Just upgraded from a Gaggia Classic to a Fracino Classico. I wasn't really looking to buy this model but it came up locally and as it is only a year old, in vgc and was well priced, I've gone for it.

Any tips or other pointers to get the best out of the machine from other owners would be gratefully received.

Thanks


----------



## KTD (Dec 28, 2017)

Caffeine fan said:


> Just upgraded from a Gaggia Classic to a Fracino Classico. I wasn't really looking to buy this model but it came up locally and as it is only a year old, in vgc and was well priced, I've gone for it.
> 
> Any tips or other pointers to get the best out of the machine from other owners would be gratefully received.
> 
> Thanks


Really enjoyed owning mine, only thing I'd say is run water through to speed up the heat up time, it's a really easy to get good shots from it especially when fully up to temp. A WiFi plug will be a good investment.

Sent from my iPhone using Tapatalk


----------



## Caffeine fan (May 14, 2019)

Hi KTD,

Thanks for response. I've just invested in a Meross plug so it turns on to heat up 45 mins before the fist shot.

I've not actually pulled my first shot yet - that will be tomorrow morning.


----------



## Caffeine fan (May 14, 2019)

KTD said:


> Really enjoyed owning mine, only thing I'd say is run water through to speed up the heat up time, it's a really easy to get good shots from it especially when fully up to temp. A WiFi plug will be a good investment.
> 
> Sent from my iPhone using Tapatalk


 Hi KTD,

What brand of wifi plug are you using? My Meross appears to be struggling to cope so I may need to swap.

thanks


----------



## KTD (Dec 28, 2017)

Caffeine fan said:


> Hi KTD,
> What brand of wifi plug are you using? My Meross appears to be struggling to cope so I may need to swap.
> thanks


TP-link

Sent from my iPhone using Tapatalk


----------



## cold war kid (Mar 12, 2010)

It's a HX machine, but unusually doesn't need a cooling flush. Fracino see that as a design fault.

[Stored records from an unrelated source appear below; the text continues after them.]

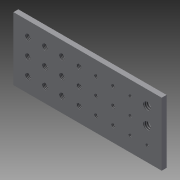
# Autodesk Inventor part: Bolt Holder
Saved by Autodesk Inventor 2013 (Build 170138000, 138)
## iProperties
Created: 2013-09-27
Part Number: Bolt Holder
Material: Generic
Document SubType Name: Modeling
Designer: grtstudent
Density: 1 g/cm^3
Author: grtstudent
Autodesk Inventor part; units mm, degrees
ref_plane "YZ Plane" through (0, 0, 0) normal (1, 0, 0) x (0, 1, 0)
ref_plane "XZ Plane" through (0, 0, 0) normal (0, 1, 0) x (-1, 0, 0)
ref_plane "XY Plane" through (0, 0, 0) normal (0, 0, 1) x (1, 0, 0)
sketch "Sketch1" plane through (0, 0, 0) normal (0, 0, 1) x (1, 0, 0)
  line L0 (0, 0) -> (96.8375, 0)
  line L1 (96.8375, 0) -> (96.8375, 41.275)
  line L2 (96.8375, 41.275) -> (0, 41.275)
  line L3 (0, 41.275) -> (0, 0)
  circle A0 centre (87.3125, 31.75) radius 7.112
  circle A1 centre (76.2, 31.75) radius 2.3241
  circle A2 centre (65.0875, 31.75) radius 3.3274
  circle A3 centre (42.8625, 31.75) radius 3.9624
  circle A4 centre (31.75, 31.75) radius 3.9624
  point P0 (9.525, 9.525)
  point P1 (9.525, 20.6375)
  point P2 (9.525, 31.75)
  point P3 (20.6375, 9.525)
  point P4 (20.6375, 20.6375)
  point P5 (20.6375, 31.75)
  point P6 (31.75, 9.525)
  point P7 (31.75, 20.6375)
  point P8 (42.8625, 9.525)
  point P9 (42.8625, 20.6375)
  point P10 (53.975, 9.525)
  point P11 (53.975, 20.6375)
  point P12 (53.975, 31.75)
  point P13 (65.0875, 9.525)
  point P14 (65.0875, 20.6375)
  point P15 (76.2, 9.525)
  point P16 (76.2, 20.6375)
  point P17 (87.3125, 9.525)
  point P18 (87.3125, 20.6375)
  dimension "d0" = 9.525
  dimension "d2" = 9.525
  dimension "d5" = 11.1125
  dimension "d8" = 11.1125
  dimension "d11" = 9.525
  dimension "d12" = 9.525
  dimension "d50" = 14.224
  dimension "d51" = 4.6482
  dimension "d52" = 6.6548
  dimension "d53" = 7.9248
  dimension "d54" = 7.9248
  constraints: 8 end point, 5 centre point, 5 coincident, 2 horizontal, 2 parallel, 1 perpendicular, 1 vertical, 23 other
  measures "d0" distance from line of L0 point (9.525, 9.525)
  measures "d2" distance from line of L3 point (9.525, 9.525)
  measures "d5" distance of point (9.525, 9.525) point (9.525, 20.638)
  measures "d8" distance of point (9.525, 9.525) point (20.637, 9.525)
  measures "d11" distance from line of L2 point (9.525, 31.75)
  measures "d12" distance from line of L1 point (87.312, 31.75)
  measures "d50" diameter of A0
  measures "d51" diameter of A1
  measures "d52" diameter of A2
  measures "d53" diameter of A3
  measures "d54" diameter of A4
extrude "Extrusion1" add sketch "Sketch1" along normal blind 3.175 contours L3 L2 L1 L0 | A0 | A1 | A2 | A3 | A4
hole "10-32" at (9.525, 9.525, 0) at (9.525, 20.6375, 0) at (9.525, 31.75, 0) at (20.6375, 9.525, 0) at (20.6375, 20.6375, 0) at (20.6375, 31.75, 0) at (31.75, 9.525, 0) at (31.75, 20.6375, 0) at (31.75, 31.75, 0) direction (0, 0, 1) diameter 3.9624 end through all thread size "10-32 UNF" class "2B" standard "ANSI Unified Screw Threads"
hole "8-32" at (42.8625, 31.75, 0) at (42.8625, 20.6375, 0) at (42.8625, 9.525, 0) direction (0, 0, 1) diameter 3.302 end through all thread size "8-32 UNC" class "2B" standard "ANSI Unified Screw Threads"
hole "6-32" at (53.975, 9.525, 0) at (53.975, 20.6375, 0) at (53.975, 31.75, 0) at (65.0875, 9.525, 0) at (65.0875, 20.6375, 0) at (65.0875, 31.75, 0) direction (0, 0, 1) diameter 2.6416 end through all thread size "6-32 UNC" class "2B" standard "ANSI Unified Screw Threads"
hole "4-40" at (76.2, 9.525, 0) at (76.2, 20.6375, 0) at (76.2, 31.75, 0) at (87.3125, 9.525, 0) direction (0, 0, 1) diameter 2.159 end through all
hole "1/4-20" at (87.3125, 20.6375, 0) at (87.3125, 31.75, 0) direction (0, 0, 1) diameter 4.9784 end through all thread size "1/4-20 UNC" class "2B" standard "ANSI Unified Screw Threads"
equation "\"d2\" = d0"
equation "\"d5\" = d8"
equation "\"d11\" = d2"
equation "\"d12\" = d0"
body "Solid1"

If you just leave it to heat up on it's own, 45 minutes is about right for it to be good to go. I have a grouphead thermometer in mine and was surprised how long after it feels hot that it actually reaches optimum temp.


----------



## Caffeine fan (May 14, 2019)

The TP Link HS100 is also rated at 3kw but I will Give it a go.


----------



## simon333 (Oct 30, 2014)

.....adjust your opv to approx. 9 bar, it will improve your shot.


----------



## Caffeine fan (May 14, 2019)

Tried the TP link, with mixed results. The plug works and the machine comes on, but when I try to pull a shot there doesn't seem to be enough power for the pump to kick in. I had to plug the Classico directly into the socket for it to work. Not ideal but at least it is heating up, although this mornings shot wasn't hot enough for me, so will try a longer warn up time.


----------